Cut into strips. Mix and match among the three slabs. Try to glue them up. 

Here's where things went absolutely sideways. 



 



 

Massive gaps at the ends on just about every row. 

What a waste of wood. 

Thoughts and suggestions are *greatly* appreciated.


----------



## Tony (Oct 27, 2017)

My guess Ken is that your blade is not at 90 to the table and/or fence. Tony

Reactions: Agree 2


----------



## Tony (Oct 27, 2017)

Do you know anybody who has a drum sander?


----------



## ripjack13 (Oct 27, 2017)

Also, you were glueing too many rows at once with not enough clamps.?

Can you cut the ends off? They'll be smaller...
you may be able to add wood of a contrasting color to make a frame...


----------



## Tony (Oct 27, 2017)

If you can get your blade square, you can rip it at the joints, glue in thin strips of a dark wood and run it through a drum sander. It'll be fine and look great!


----------



## Lou Currier (Oct 27, 2017)

You could always market it as exotic kindling

Reactions: Funny 5


----------



## Sprung (Oct 27, 2017)

Ken, how many clamps did you use? It seems, to me from what I'm seeing, like you maybe didn't use enough clamps.



Lou Currier said:


> You could always market it as exotic kindling



Careful, Lou - if we all did that, the market would become quite flooded!

Reactions: Funny 2


----------



## Nature Man (Oct 28, 2017)

Drum sander is probably the best idea to take care of this cutting board. Then adjust blade on table saw to 90 degrees for future boards. Chuck


----------



## kweinert (Oct 28, 2017)

Tony said:


> My guess Ken is that your blade is not at 90 to the table and/or fence. Tony



I would disagree with you, but only because these would be the sides that went through the planer. The cut sides are up at this stage.


----------



## kweinert (Oct 28, 2017)

Tony said:


> Do you know anybody who has a drum sander?



Yes, me.


----------



## kweinert (Oct 28, 2017)

ripjack13 said:


> Also, you were glueing too many rows at once with not enough clamps.?
> 
> Can you cut the ends off? They'll be smaller...
> you may be able to add wood of a contrasting color to make a frame...



I was unable to clamp it any tighter. When it was in the clamps there wad another across the top in the middle. 

I did have two boards in the same set of clamps. That worked for the original glue up.


----------



## kweinert (Oct 28, 2017)

Tony said:


> If you can get your blade square, you can rip it at the joints, glue in thin strips of a dark wood and run it through a drum sander.

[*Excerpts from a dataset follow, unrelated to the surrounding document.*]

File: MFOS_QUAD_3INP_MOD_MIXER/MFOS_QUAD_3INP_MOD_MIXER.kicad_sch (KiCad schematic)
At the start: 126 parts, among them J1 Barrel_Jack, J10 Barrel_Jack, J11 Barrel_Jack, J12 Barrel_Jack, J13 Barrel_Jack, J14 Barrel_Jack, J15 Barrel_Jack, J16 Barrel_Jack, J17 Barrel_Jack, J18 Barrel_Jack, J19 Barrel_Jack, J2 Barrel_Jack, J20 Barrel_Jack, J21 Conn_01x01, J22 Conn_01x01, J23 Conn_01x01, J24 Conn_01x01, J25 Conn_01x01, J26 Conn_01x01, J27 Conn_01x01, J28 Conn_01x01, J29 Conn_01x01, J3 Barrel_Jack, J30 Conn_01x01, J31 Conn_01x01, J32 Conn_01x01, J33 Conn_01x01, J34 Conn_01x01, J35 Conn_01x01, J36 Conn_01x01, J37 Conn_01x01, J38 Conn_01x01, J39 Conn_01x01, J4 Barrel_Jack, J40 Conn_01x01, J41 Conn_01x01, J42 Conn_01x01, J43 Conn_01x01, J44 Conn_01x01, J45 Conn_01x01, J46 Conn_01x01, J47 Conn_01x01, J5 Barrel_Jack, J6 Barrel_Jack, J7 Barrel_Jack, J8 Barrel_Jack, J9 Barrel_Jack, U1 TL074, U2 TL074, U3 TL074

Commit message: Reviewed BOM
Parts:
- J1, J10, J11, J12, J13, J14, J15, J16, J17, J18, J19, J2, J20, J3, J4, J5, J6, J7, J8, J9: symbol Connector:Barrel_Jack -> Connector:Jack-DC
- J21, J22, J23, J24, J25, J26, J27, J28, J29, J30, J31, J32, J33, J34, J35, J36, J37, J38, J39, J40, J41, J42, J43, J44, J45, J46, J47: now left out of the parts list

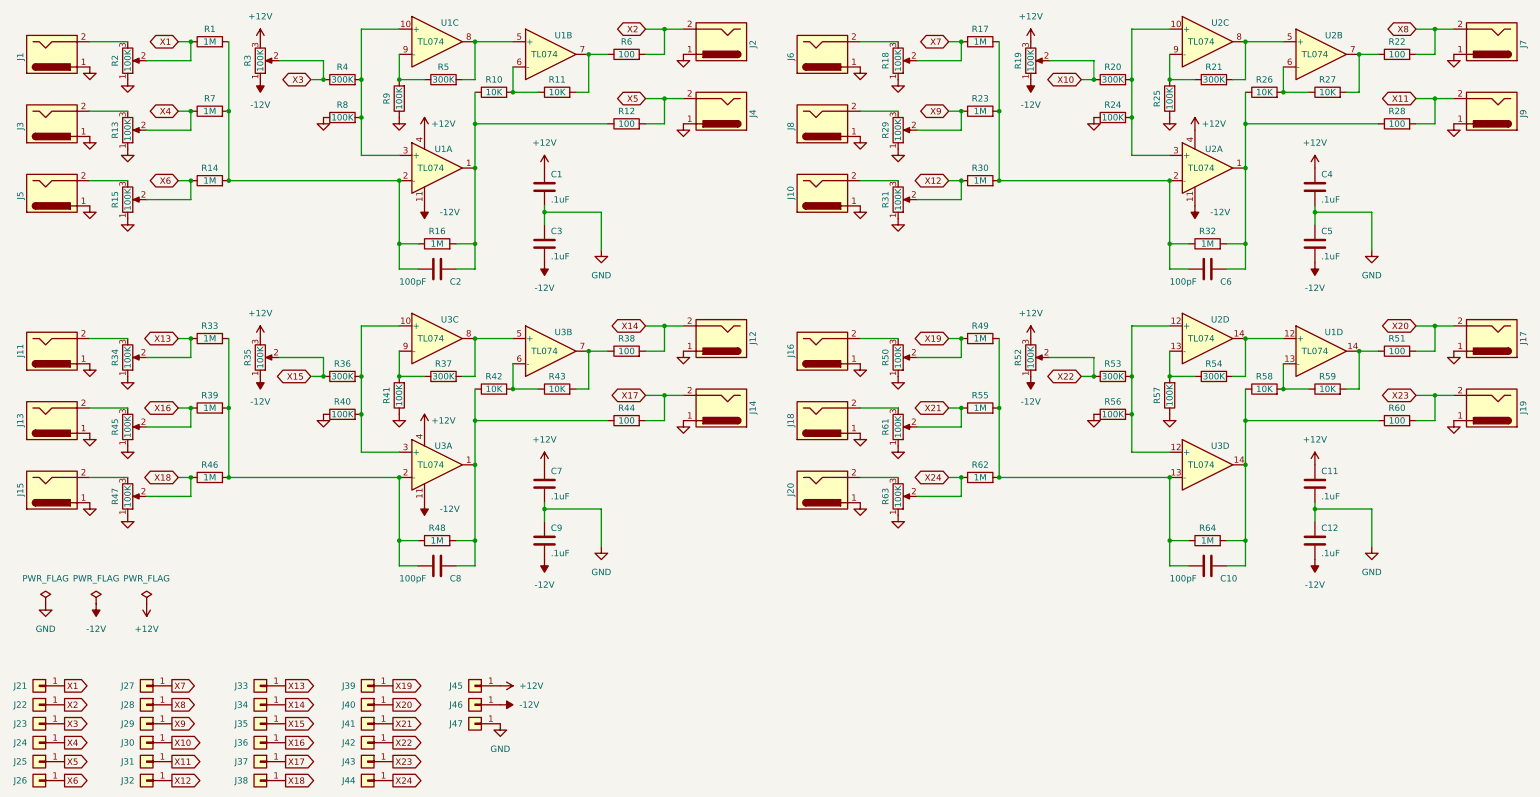
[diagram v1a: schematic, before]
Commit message: Designs adapted for BOM
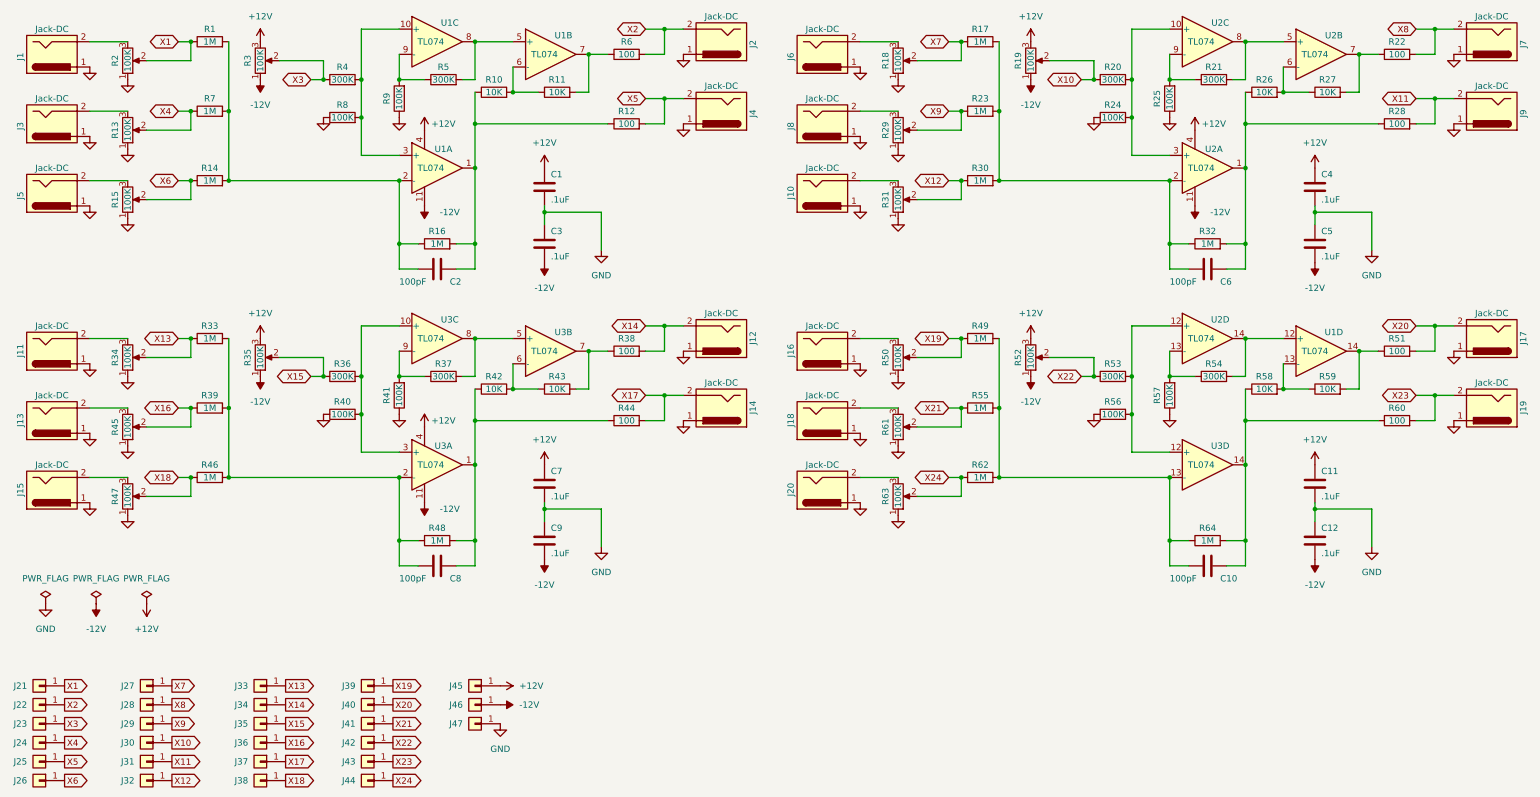
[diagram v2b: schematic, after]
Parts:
- J1, J10, J11, J12, J13, J14, J15, J16, J17, J18, J19, J2, J20, J3, J4, J5, J6, J7, J8, J9: value Barrel_Jack -> Jack-DC

It'll be fine and look great!



I'll definitely try ripping the boards back down and trying again. Thanks for the idea.


----------



## kweinert (Oct 28, 2017)

Also just thanks in general for all the ideas and thoughts. 

It's one of the best parts of being in this group. 

Definitely not the "put down the tools and back away, you're not a woodworker" response I saw in one FB group.

Reactions: Like 1 | Agree 2


----------



## woodtickgreg (Oct 28, 2017)

kweinert said:


> I would disagree with you, but only because these would be the sides that went through the planer. The cut sides are up at this stage.


Is it possible that the gaps on the ends could have been caused by planer snipe? I usually allow extra material to be cut off for snipe. A couple inches or so on each end. I'm in agreement with @Tony run them back through the table saw at each glue line and then re glue them, and i like the idea of adding some contrasting strips at the glue lines. These could come out better than you thought they would.
Remember, it's not a mistake, it's a design change.

Reactions: Like 1 | Agree 4


----------



## kweinert (Oct 28, 2017)

woodtickgreg said:


> Is it possible that the gaps on the ends could have been caused by planer snipe? I usually allow extra material to be cut off for snipe. A couple inches or so on each end. I'm in agreement with @Tony run them back through the table saw at each glue line and then re glue them, and i like the idea of adding some contrasting strips at the glue lines. These could come out better than you thought they would.
> Remember, it's not a mistake, it's a design change.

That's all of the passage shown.